* [Aim of the task]:
Copy all data exactly. Skip pictures.

Top of Available records

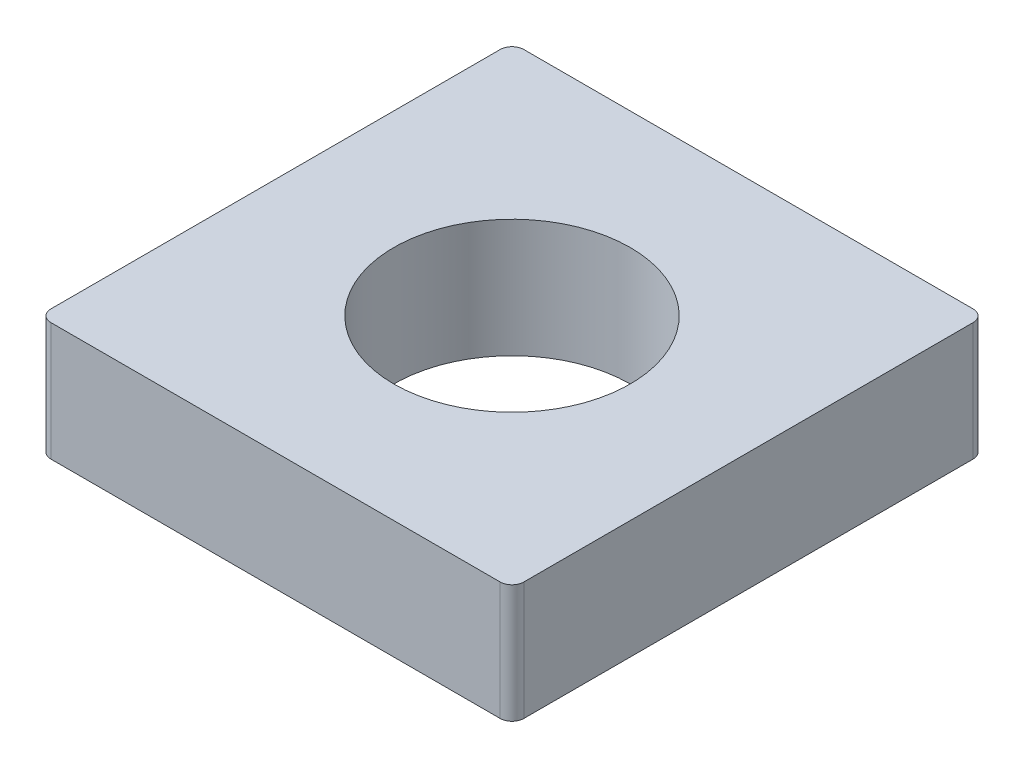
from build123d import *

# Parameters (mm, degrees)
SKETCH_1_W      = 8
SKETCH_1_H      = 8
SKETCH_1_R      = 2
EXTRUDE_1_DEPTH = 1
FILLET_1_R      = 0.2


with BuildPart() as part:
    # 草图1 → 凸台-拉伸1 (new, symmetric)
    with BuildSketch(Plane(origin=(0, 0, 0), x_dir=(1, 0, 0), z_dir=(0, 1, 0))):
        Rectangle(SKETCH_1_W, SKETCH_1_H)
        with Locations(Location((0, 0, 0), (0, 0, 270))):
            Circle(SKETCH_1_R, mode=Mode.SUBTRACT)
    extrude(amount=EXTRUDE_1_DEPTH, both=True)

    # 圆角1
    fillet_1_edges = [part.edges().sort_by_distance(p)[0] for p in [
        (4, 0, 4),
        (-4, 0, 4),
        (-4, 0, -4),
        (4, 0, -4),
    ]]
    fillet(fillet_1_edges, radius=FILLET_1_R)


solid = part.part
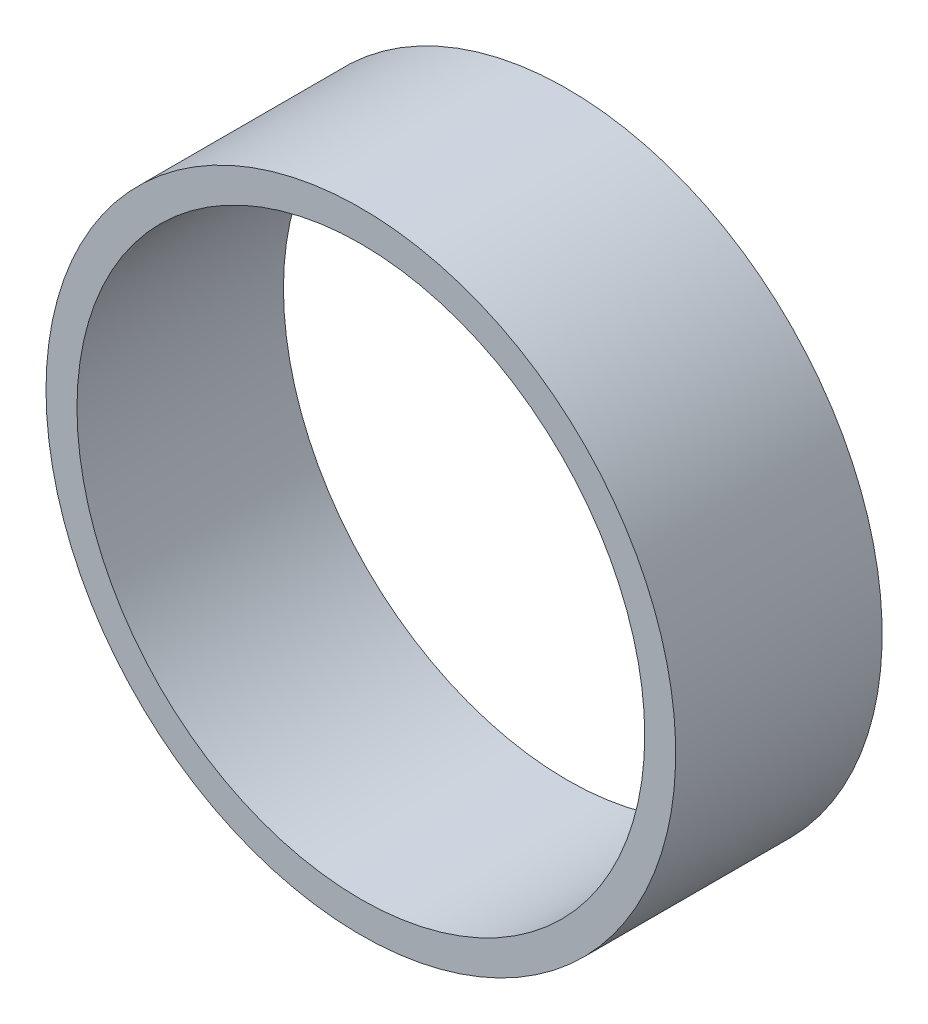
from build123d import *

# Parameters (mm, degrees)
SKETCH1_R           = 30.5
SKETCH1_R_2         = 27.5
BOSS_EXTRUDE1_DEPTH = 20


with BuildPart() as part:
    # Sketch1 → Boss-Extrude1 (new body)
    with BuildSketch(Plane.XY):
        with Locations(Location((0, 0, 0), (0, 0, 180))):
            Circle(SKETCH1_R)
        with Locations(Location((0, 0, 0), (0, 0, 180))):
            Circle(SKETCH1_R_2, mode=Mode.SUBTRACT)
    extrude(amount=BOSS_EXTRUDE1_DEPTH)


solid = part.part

Bottom of Available records

* [Solution for this task]:
from build123d import *

# Parameters (mm, degrees)
SKETCH_1_W      = 8
SKETCH_1_H      = 8
SKETCH_1_R      = 2
EXTRUDE_1_DEPTH = 1
FILLET_1_R      = 0.2


with BuildPart() as part:
    # 草图1 → 凸台-拉伸1 (new, symmetric)
    with BuildSketch(Plane(origin=(0, 0, 0), x_dir=(1, 0, 0), z_dir=(0, 1, 0))):
        Rectangle(SKETCH_1_W, SKETCH_1_H)
        with Locations(Location((0, 0, 0), (0, 0, 270))):
            Circle(SKETCH_1_R, mode=Mode.SUBTRACT)
    extrude(amount=EXTRUDE_1_DEPTH, both=True)

    # 圆角1
    fillet_1_edges = [part.edges().sort_by_distance(p)[0] for p in [
        (4, 0, 4),
        (-4, 0, 4),
        (-4, 0, -4),
        (4, 0, -4),
    ]]
    fillet(fillet_1_edges, radius=FILLET_1_R)


solid = part.part
from build123d import *

# Parameters (mm, degrees)
SKETCH1_R           = 30.5
SKETCH1_R_2         = 27.5
BOSS_EXTRUDE1_DEPTH = 20


with BuildPart() as part:
    # Sketch1 → Boss-Extrude1 (new body)
    with BuildSketch(Plane.XY):
        with Locations(Location((0, 0, 0), (0, 0, 180))):
            Circle(SKETCH1_R)
        with Locations(Location((0, 0, 0), (0, 0, 180))):
            Circle(SKETCH1_R_2, mode=Mode.SUBTRACT)
    extrude(amount=BOSS_EXTRUDE1_DEPTH)


solid = part.part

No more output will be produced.